It’s not only Egypt’s trains that are on the wrong track

Mohammed Nosseir
Mohammed Nosseir

Mohammed Nosseir

By : Mohammed Nosseir

:: Complaining that trains in the Netherlands are often delayed by a few minutes, a Dutch friend told me: “If other nations have punctual trains, we should not demand less.” While the Dutch criticize their railway’s lack of punctuality, we in Egypt pray that we will reach our destinations safely, no matter the delay.

Living in a country that has one of the highest road and railway accident rates in the world lowers our expectations. Rather than dream of a comfortable, punctual and affordable commuter rail network, we hope only to arrive home in one piece.

Just over a week ago, 42 people died and more than 100 were injured when two trains collided near Khorshid station on the outskirts of Alexandria. Human error was blamed for the disaster. Sadly, news of train collisions, bus crashes caused by drivers falling asleep at the wheel or boats sinking because of passenger overload is no longer shocking in Egypt.

The Egyptian state likes to brag about its success in expanding road networks and building bridges and infrastructure, and argues that the high population growth rate and citizens’ ignorance are the main reasons for the deterioration of facilities. Seeming to value human lives less than infrastructure expansion results in building more roads on which people can be more easily killed.

Human beings are the most crucial and advanced component of any country’s modernization effort. However, when the government does not appear to truly value the life of its citizens, it is unlikely that less educated drivers will do so. The Egyptian government appears to believe that human development is all about the ability to digest technical knowledge and eventually pass various exams, overlooking the fact that human development generally should aim at having well-educated, responsible citizens who know how to properly and effectively react to a crisis.

Building new transport and energy infrastructure is pointless without investment in the human capital to operate it safely and efficiently.

Mohammed Nosseir

As was the case with the Khorshid tragedy, the government often attributes these accidents to human error. But the “humans” in these cases are often government employees. Videos on social media showing public buses speeding or train conductors smoking hashish at work should not only lead to the perpetrators being fired, but to changes in the system to prevent their colleagues from indulging in the same behavior.

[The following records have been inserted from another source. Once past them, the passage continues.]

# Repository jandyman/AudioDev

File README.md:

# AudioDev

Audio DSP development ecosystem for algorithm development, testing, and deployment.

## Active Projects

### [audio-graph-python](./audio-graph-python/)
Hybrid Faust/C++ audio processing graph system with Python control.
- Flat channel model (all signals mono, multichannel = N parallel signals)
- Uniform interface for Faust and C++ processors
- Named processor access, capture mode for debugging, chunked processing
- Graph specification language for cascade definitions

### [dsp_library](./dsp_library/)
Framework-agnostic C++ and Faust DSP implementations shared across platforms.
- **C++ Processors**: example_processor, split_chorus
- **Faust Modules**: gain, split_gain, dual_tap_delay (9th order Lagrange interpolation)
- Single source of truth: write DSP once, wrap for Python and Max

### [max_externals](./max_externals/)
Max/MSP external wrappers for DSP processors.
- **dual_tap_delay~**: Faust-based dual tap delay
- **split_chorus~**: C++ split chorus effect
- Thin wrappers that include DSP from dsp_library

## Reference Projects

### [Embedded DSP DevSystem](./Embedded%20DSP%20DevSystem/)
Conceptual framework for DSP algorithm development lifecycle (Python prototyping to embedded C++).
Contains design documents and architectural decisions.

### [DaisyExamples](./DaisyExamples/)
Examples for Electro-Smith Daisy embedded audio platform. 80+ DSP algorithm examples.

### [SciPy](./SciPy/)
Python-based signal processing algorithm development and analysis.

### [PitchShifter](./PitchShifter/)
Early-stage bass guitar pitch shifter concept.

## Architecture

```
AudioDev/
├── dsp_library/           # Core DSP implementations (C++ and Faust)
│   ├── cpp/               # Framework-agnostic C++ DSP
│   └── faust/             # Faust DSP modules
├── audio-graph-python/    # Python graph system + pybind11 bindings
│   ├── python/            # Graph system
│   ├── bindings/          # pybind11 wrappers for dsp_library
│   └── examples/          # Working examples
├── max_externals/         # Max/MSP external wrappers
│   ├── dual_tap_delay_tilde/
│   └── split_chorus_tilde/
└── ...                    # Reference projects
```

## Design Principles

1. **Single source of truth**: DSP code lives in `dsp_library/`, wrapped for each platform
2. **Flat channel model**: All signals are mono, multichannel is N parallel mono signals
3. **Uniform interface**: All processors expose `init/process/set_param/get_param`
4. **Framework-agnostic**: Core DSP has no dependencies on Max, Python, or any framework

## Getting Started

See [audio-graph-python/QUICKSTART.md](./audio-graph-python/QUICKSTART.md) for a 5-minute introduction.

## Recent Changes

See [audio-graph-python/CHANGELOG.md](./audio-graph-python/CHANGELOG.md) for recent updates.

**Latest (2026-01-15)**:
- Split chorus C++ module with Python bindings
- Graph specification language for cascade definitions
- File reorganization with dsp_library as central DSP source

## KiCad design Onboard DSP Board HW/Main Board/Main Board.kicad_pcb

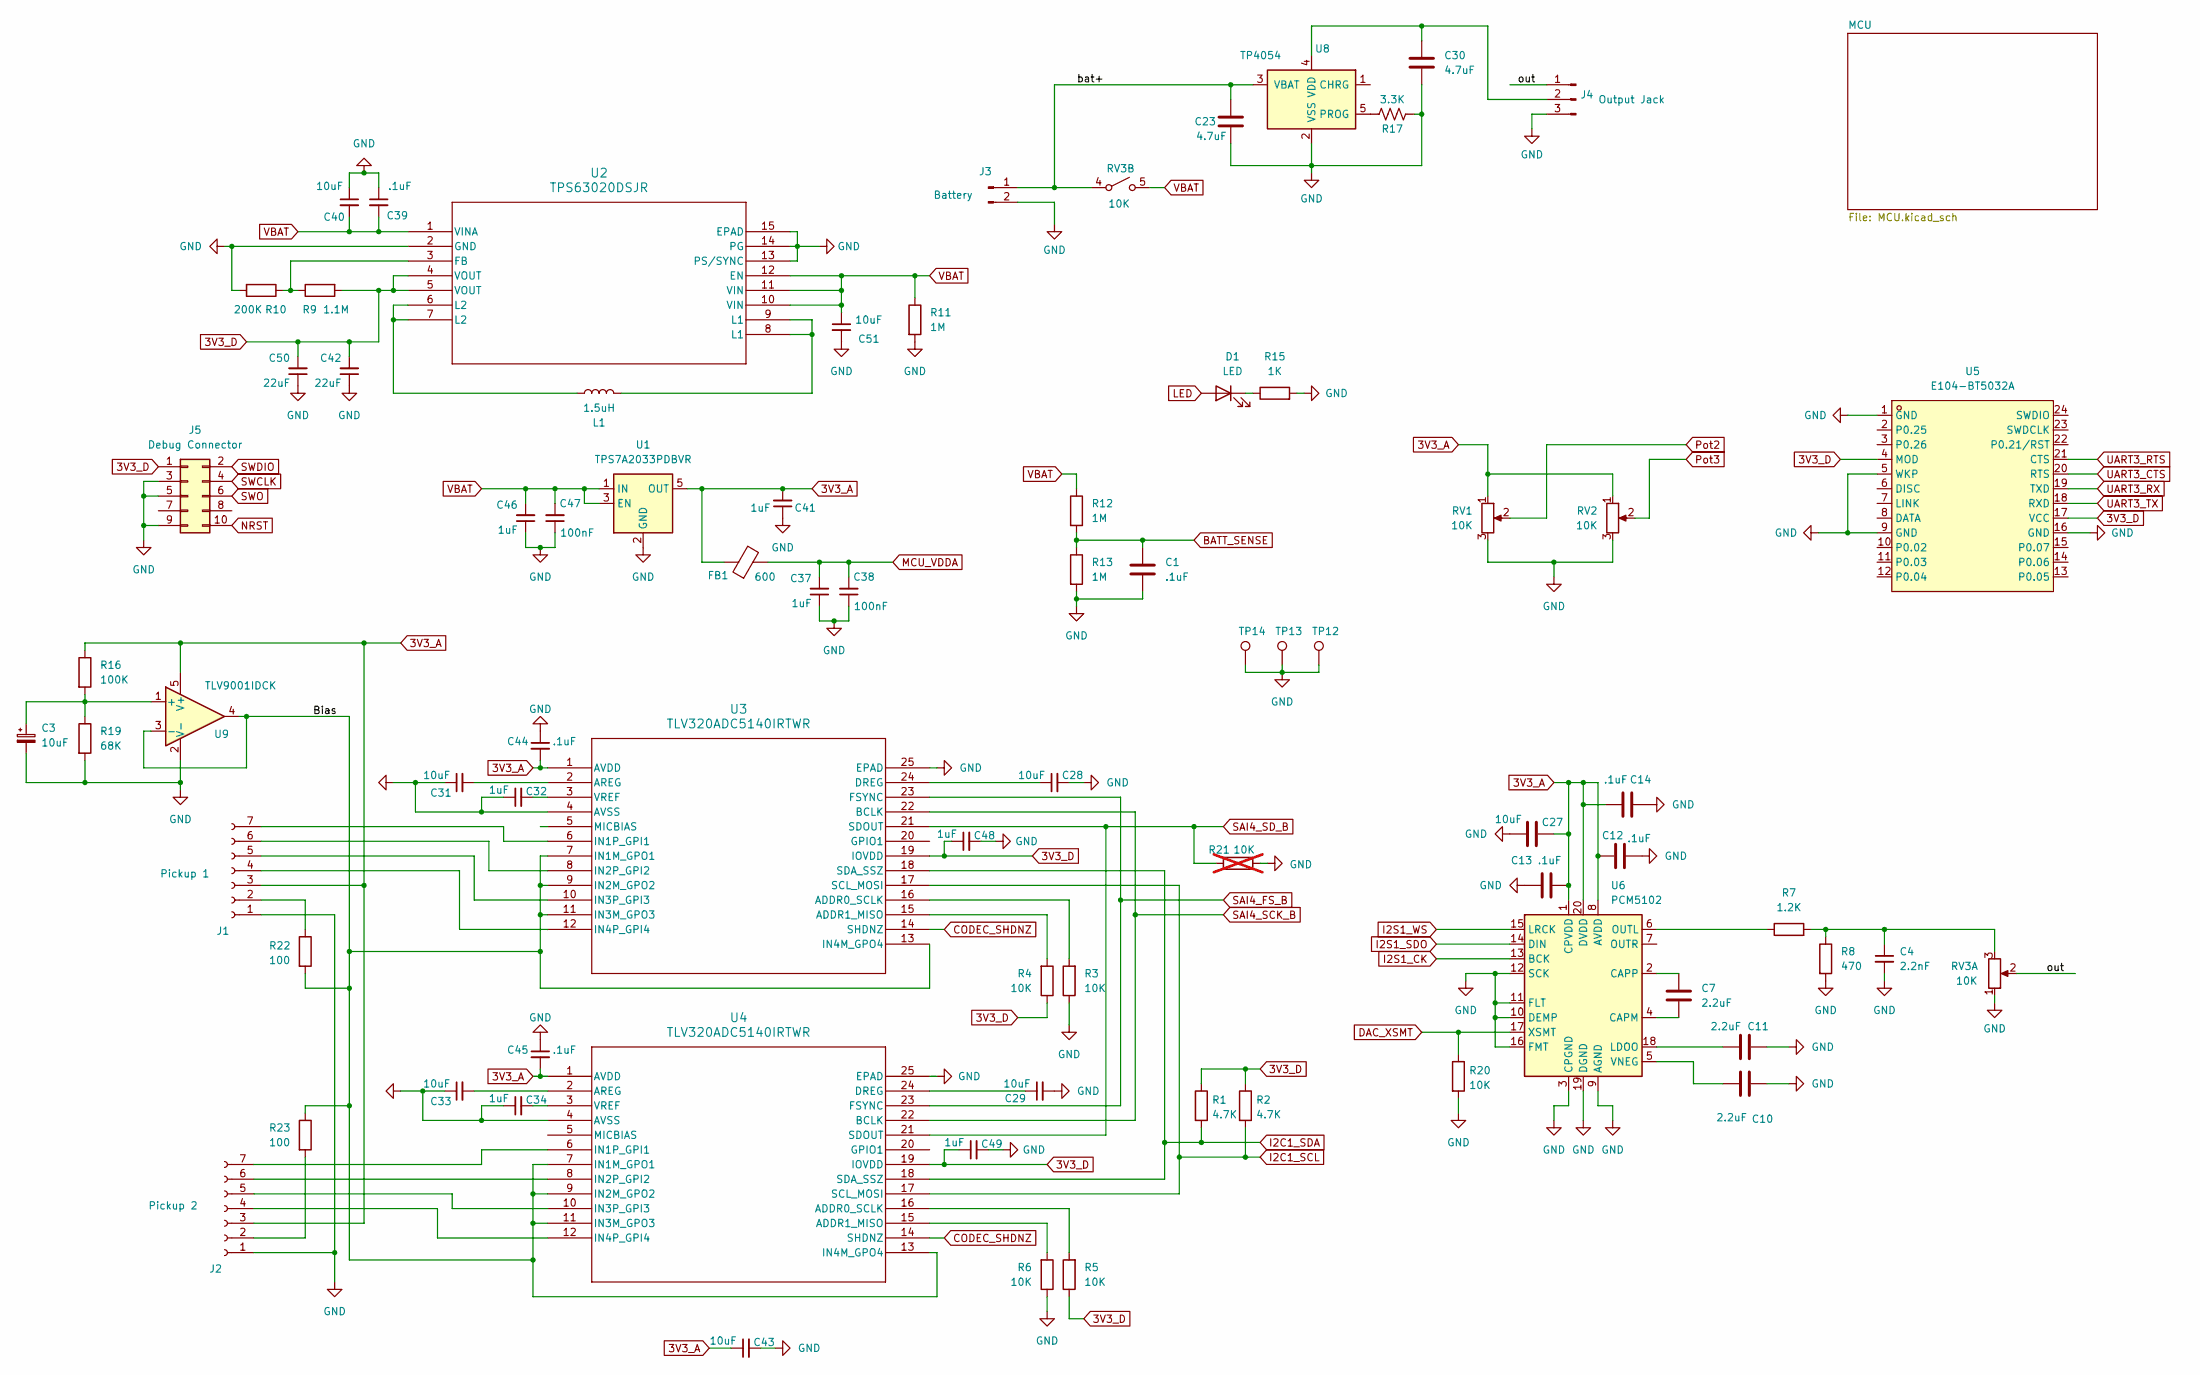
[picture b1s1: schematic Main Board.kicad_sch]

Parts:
C1, C12, C13, C14, C39, C44, C45: .1uF; C_0402_1005Metric
C3: 10uF; CP_EIA-3216-18_Kemet-A
C4: 2.2nF; C_0603_1608Metric
C7, C10, C11: 2.2uF; C_0402_1005Metric
C23, C30: 4.7uF; C_0402_1005Metric
C27, C40, C43, C51: 10uF; C_0805_2012Metric
C28, C29, C31, C33: 10uF; C_0402_1005Metric
C32, C34, C37, C41, C46, C48, C49: 1uF; C_0402_1005Metric
C38, C47: 100nF; C_0402_1005Metric
C42, C50: 22uF; C_0805_2012Metric
D1: LED; LED_0603_1608Metric
FB1: 600; L_0603_1608Metric
J1: Pickup 1; PinHeader_1x07_P2.00mm_Horizontal
J2: Pickup 2; PinHeader_1x07_P2.00mm_Horizontal
J3: Battery; JST_PH_S2B-PH-K_1x02_P2.00mm_Horizontal
J4: Output Jack; PinHeader_1x03_P2.54mm_Vertical
J5: Debug Connector; PinHeader_2x05_P1.27mm_Vertical
L1: 1.5uH; L_Sunlord_SWPA4030S
R1, R2: 4.7K; R_0402_1005Metric
R3, R4, R5, R6, R20: 10K; R_0402_1005Metric
R7: 1.2K; R_0402_1005Metric
R8: 470; R_0402_1005Metric
R9: 1.1M; R_0402_1005Metric
R10: 200K; R_0402_1005Metric
R11, R12, R13: 1M; R_0402_1005Metric
R15: 1K; R_0402_1005Metric
R16: 100K; R_0402_1005Metric
R17: 3.3K; R_0402_1005Metric
R19: 68K; R_0402_1005Metric
R21: 10K; R_0402_1005Metric; not fitted
R22, R23: 100; R_0402_1005Metric
RV1, RV2: 10K; Potentiometer_Alps_RK097_Single_Horizontal
RV3: 10K; Potentiometer_Chinese_Single_Horizontal_Switch
TP12, TP13, TP14: TestPoint_Plated_Hole_ID7_OD1.2mm
U1: TPS7A2033PDBVR; SOT-23-5
U2: TPS63020DSJR; DSJ14_2P85X1P58
U3, U4: TLV320ADC5140IRTWR; RTW24_4P15X4P15_TEX
U5: E104-BT5032A; WIRELM-SMD_E104-BT5010A; MPN E104-BT5032A
U6: PCM5102; TSSOP-20_4.4x6.5mm_P0.65mm
U8: TP4054; SOT-23-5
U9: TLV9001IDCK; SOT-353_SC-70-5

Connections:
3V3_A: C12.1, C13.2, C14.2, C27.1, C41.2, C43.1, C44.2, C45.2, FB1.1, J1.3, J2.3, R16.1, RV1.1, RV2.1, U1.5 (OUT), U3.1 (AVDD), U4.1 (AVDD), U6.1 (CPVDD), U6.8 (AVDD), U6.20 (DVDD), U9.5 (V+)
3V3_D: C42.2, C48.1, C49.1, C50.2, J5.1, R1.1, R2.1, R4.1, R5.1, R9.2, U2.4 (VOUT), U2.5 (VOUT), U3.19 (IOVDD), U4.19 (IOVDD), U5.4 (MOD), U5.17 (VCC); also elsewhere on the board
/Bias: R22.2, R23.1, U3.7 (IN1M_GPO1), U3.9 (IN2M_GPO2), U3.11 (IN3M_GPO3), U3.13 (IN4M_GPO4), U4.7 (IN1M_GPO1), U4.9 (IN2M_GPO2), U4.11 (IN3M_GPO3), U4.13 (IN4M_GPO4), U9.3 (-), U9.4
/bat+: C23.1, J3.1, RV3.4 (A), U8.3 (VBAT)
/out: J4.1, RV3.2
BATT_SENSE: C1.1, R12.2, R13.1; also elsewhere on the board
CODEC_SHDNZ: U3.14 (SHDNZ), U4.14 (SHDNZ); also elsewhere on the board
DAC_XSMT: R20.1, U6.17 (XSMT); also elsewhere on the board
GND: C1.2, C3.2, C4.2, C10.2, C11.2, C12.2, C13.1, C14.1, C23.2, C27.2, C28.2, C29.2, C30.2, C31.1, C32.1, C33.1, C34.1, C37.1, C38.1, C39.1, C40.1, C41.1, C42.1, C43.2, C44.1, C45.1, C46.1, C47.1, C48.2, C49.2, C50.1, C51.2, J1.1, J2.1, J3.2, J4.3, J5.3, J5.5, J5.9, R3.1, R6.1, R8.2, R10.2, R11.2, R13.2, R15.2, R17.1, R19.2, R20.2, R21.2, RV1.3, RV2.3, RV3.1, TP12.1 (1_1), TP13.1 (1_1), TP14.1 (1_1), U1.2 (GND), U2.2 (GND), U2.13 (PS/SYNC), U2.14 (PG), U2.15 (EPAD), U3.4 (AVSS), U3.25 (EPAD), U4.4 (AVSS), U4.25 (EPAD), U5.1 (GND), U5.5 (WKP), U5.9 (GND), U5.16 (GND), U6.3 (CPGND), U6.9 (AGND), U6.10 (DEMP), U6.11 (FLT), U6.12 (SCK), U6.16 (FMT), U6.19 (DGND), U8.2 (VSS), U9.2 (V-); also elsewhere on the board
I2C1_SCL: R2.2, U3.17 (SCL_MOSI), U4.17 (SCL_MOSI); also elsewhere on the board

Neglecting genuine human development and rejecting the use of technology are the real reasons for Egypt’s high rate of road and railway accidents. A small device can be placed on any vehicle to prevent it from speeding and determine its location. The state should use its substantially inflated workforce to avoid employee misconduct by reducing working hours, while maintaining strict discipline and productivity.

The government regularly advances the argument that it is working under strict budget constraints. However, Egypt’s plans for a nuclear energy plant at Dabaa, even with a $25 billion loan from Russia, refute this argument. A nation that cannot prevent avoidable road and rail accidents should not even dream of a nuclear power plant, even one managed by international experts. The project should be abandoned completely and immediately. We need to prove that we can crawl before insisting that we can run a marathon. Instead, let’s invest the money in reducing our accident rate.

Empowering Egypt’s human capital would enable them to go beyond their normal capacities, walking the extra mile to prove that they are responsible citizens. We need to create a harmonious relationship between our people and the engines they operate. Egyptian government employees need to understand that driving a vehicle, or a train carrying hundreds of people, requires an exceptionally responsible and conscientious citizen. They will not realize this on their own; we desperately need good governance to apply this vision.

New roads alone will not produce professional employees, but educated citizens could easily build and develop solid roads, and much more. We have been using our resources to expand concrete structures that won’t function properly unless they are managed by the right people. The Egyptian government needs to work on better developing its citizens, who will be the true assets of modernization. By limiting our ambitions, we have ended up with a miserable transport system that lacks all comfort and safety.

:: Mohammed Nosseir, a liberal politician from Egypt, is a strong advocate of political participation and economic freedom.

:: Disclaimer: Views expressed by writers in the Column section are their own and do not reflect RiyadhVision’s point-of-view.